DATA SUPPLIED -

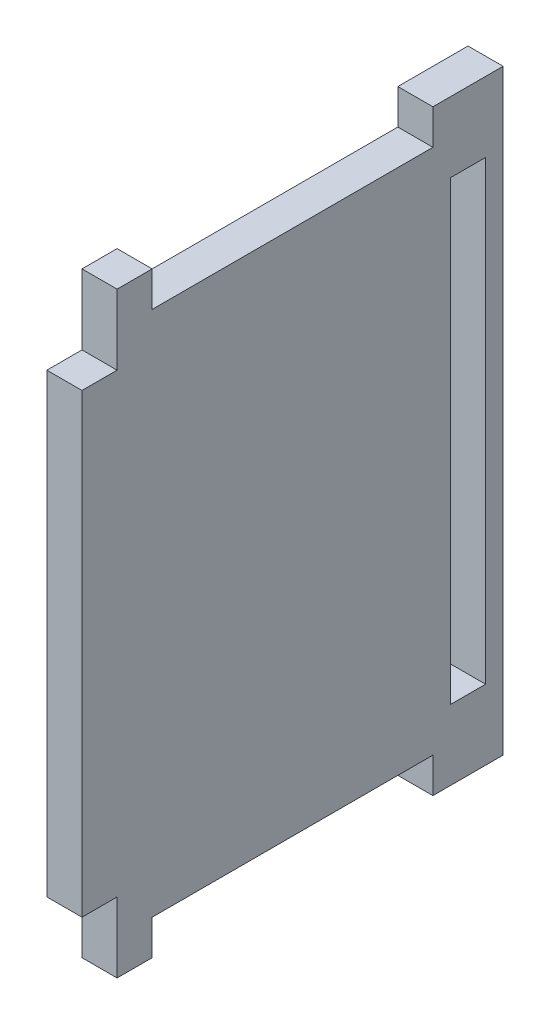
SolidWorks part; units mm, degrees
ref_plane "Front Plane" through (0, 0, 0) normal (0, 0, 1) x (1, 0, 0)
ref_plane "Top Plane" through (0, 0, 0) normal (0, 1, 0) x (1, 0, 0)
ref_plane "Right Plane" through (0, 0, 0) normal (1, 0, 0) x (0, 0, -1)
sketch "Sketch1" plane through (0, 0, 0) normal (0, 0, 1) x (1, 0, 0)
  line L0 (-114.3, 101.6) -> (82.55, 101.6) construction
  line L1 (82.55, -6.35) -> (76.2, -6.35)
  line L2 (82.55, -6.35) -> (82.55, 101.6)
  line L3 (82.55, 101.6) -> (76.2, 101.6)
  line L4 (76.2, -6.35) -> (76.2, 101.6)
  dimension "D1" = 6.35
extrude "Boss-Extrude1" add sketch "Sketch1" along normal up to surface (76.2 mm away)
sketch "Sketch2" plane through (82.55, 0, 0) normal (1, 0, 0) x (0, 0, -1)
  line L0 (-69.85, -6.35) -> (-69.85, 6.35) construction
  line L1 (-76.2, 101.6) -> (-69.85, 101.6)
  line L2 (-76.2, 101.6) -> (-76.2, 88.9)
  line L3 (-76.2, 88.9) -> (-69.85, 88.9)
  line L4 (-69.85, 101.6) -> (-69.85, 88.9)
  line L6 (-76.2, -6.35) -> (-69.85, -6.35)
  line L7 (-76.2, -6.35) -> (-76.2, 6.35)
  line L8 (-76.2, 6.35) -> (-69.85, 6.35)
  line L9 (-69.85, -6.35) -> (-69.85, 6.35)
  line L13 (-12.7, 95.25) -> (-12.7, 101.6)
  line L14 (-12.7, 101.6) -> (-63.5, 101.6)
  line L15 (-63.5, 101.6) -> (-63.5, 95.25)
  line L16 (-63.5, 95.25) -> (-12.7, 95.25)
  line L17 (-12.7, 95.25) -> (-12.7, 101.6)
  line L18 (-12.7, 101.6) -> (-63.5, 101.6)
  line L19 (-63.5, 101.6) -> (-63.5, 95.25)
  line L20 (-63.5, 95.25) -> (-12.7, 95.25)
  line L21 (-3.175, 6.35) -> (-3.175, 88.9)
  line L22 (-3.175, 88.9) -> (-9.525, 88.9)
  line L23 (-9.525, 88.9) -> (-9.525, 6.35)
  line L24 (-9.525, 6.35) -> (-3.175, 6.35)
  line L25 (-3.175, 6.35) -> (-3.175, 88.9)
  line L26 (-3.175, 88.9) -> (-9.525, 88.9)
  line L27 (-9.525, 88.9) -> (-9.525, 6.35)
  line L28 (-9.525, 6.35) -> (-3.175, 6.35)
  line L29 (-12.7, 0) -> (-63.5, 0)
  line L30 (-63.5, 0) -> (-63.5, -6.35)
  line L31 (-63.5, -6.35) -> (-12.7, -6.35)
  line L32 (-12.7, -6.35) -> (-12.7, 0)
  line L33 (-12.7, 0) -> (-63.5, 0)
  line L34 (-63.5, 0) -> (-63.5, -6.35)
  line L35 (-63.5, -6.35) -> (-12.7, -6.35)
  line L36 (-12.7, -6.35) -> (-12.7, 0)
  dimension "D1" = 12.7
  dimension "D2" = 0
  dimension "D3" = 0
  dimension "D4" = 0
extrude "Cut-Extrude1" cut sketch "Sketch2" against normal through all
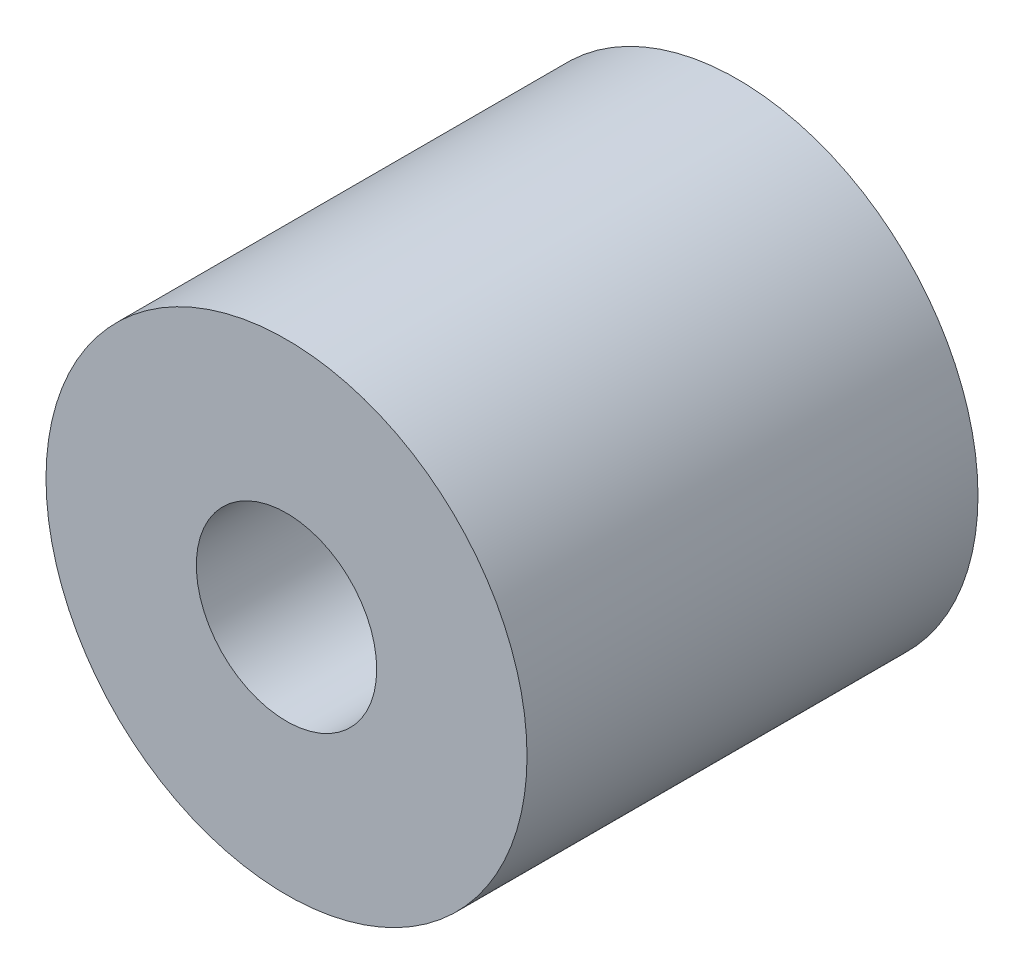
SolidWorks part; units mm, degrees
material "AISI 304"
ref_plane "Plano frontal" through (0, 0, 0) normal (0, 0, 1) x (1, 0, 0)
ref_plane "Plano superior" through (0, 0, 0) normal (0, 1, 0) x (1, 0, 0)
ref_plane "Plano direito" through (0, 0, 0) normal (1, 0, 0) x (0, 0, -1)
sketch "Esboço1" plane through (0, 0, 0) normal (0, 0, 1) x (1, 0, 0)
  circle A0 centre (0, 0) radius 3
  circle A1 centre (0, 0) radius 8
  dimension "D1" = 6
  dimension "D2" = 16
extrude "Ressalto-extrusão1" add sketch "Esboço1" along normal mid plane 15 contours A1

WHAT THIS TASK INVOLVES -
Repeat the data above exactly; images are not part of the copy.

ANSWER TO THIS TASK -
SolidWorks part; units mm, degrees
ref_plane "Front Plane" through (0, 0, 0) normal (0, 0, 1) x (1, 0, 0)
ref_plane "Top Plane" through (0, 0, 0) normal (0, 1, 0) x (1, 0, 0)
ref_plane "Right Plane" through (0, 0, 0) normal (1, 0, 0) x (0, 0, -1)
sketch "Sketch1" plane through (0, 0, 0) normal (0, 0, 1) x (1, 0, 0)
  line L0 (-114.3, 101.6) -> (82.55, 101.6) construction
  line L1 (82.55, -6.35) -> (76.2, -6.35)
  line L2 (82.55, -6.35) -> (82.55, 101.6)
  line L3 (82.55, 101.6) -> (76.2, 101.6)
  line L4 (76.2, -6.35) -> (76.2, 101.6)
  dimension "D1" = 6.35
extrude "Boss-Extrude1" add sketch "Sketch1" along normal up to surface (76.2 mm away)
sketch "Sketch2" plane through (82.55, 0, 0) normal (1, 0, 0) x (0, 0, -1)
  line L0 (-69.85, -6.35) -> (-69.85, 6.35) construction
  line L1 (-76.2, 101.6) -> (-69.85, 101.6)
  line L2 (-76.2, 101.6) -> (-76.2, 88.9)
  line L3 (-76.2, 88.9) -> (-69.85, 88.9)
  line L4 (-69.85, 101.6) -> (-69.85, 88.9)
  line L6 (-76.2, -6.35) -> (-69.85, -6.35)
  line L7 (-76.2, -6.35) -> (-76.2, 6.35)
  line L8 (-76.2, 6.35) -> (-69.85, 6.35)
  line L9 (-69.85, -6.35) -> (-69.85, 6.35)
  line L13 (-12.7, 95.25) -> (-12.7, 101.6)
  line L14 (-12.7, 101.6) -> (-63.5, 101.6)
  line L15 (-63.5, 101.6) -> (-63.5, 95.25)
  line L16 (-63.5, 95.25) -> (-12.7, 95.25)
  line L17 (-12.7, 95.25) -> (-12.7, 101.6)
  line L18 (-12.7, 101.6) -> (-63.5, 101.6)
  line L19 (-63.5, 101.6) -> (-63.5, 95.25)
  line L20 (-63.5, 95.25) -> (-12.7, 95.25)
  line L21 (-3.175, 6.35) -> (-3.175, 88.9)
  line L22 (-3.175, 88.9) -> (-9.525, 88.9)
  line L23 (-9.525, 88.9) -> (-9.525, 6.35)
  line L24 (-9.525, 6.35) -> (-3.175, 6.35)
  line L25 (-3.175, 6.35) -> (-3.175, 88.9)
  line L26 (-3.175, 88.9) -> (-9.525, 88.9)
  line L27 (-9.525, 88.9) -> (-9.525, 6.35)
  line L28 (-9.525, 6.35) -> (-3.175, 6.35)
  line L29 (-12.7, 0) -> (-63.5, 0)
  line L30 (-63.5, 0) -> (-63.5, -6.35)
  line L31 (-63.5, -6.35) -> (-12.7, -6.35)
  line L32 (-12.7, -6.35) -> (-12.7, 0)
  line L33 (-12.7, 0) -> (-63.5, 0)
  line L34 (-63.5, 0) -> (-63.5, -6.35)
  line L35 (-63.5, -6.35) -> (-12.7, -6.35)
  line L36 (-12.7, -6.35) -> (-12.7, 0)
  dimension "D1" = 12.7
  dimension "D2" = 0
  dimension "D3" = 0
  dimension "D4" = 0
extrude "Cut-Extrude1" cut sketch "Sketch2" against normal through all
SolidWorks part; units mm, degrees
material "AISI 304"
ref_plane "Plano frontal" through (0, 0, 0) normal (0, 0, 1) x (1, 0, 0)
ref_plane "Plano superior" through (0, 0, 0) normal (0, 1, 0) x (1, 0, 0)
ref_plane "Plano direito" through (0, 0, 0) normal (1, 0, 0) x (0, 0, -1)
sketch "Esboço1" plane through (0, 0, 0) normal (0, 0, 1) x (1, 0, 0)
  circle A0 centre (0, 0) radius 3
  circle A1 centre (0, 0) radius 8
  dimension "D1" = 6
  dimension "D2" = 16
extrude "Ressalto-extrusão1" add sketch "Esboço1" along normal mid plane 15 contours A1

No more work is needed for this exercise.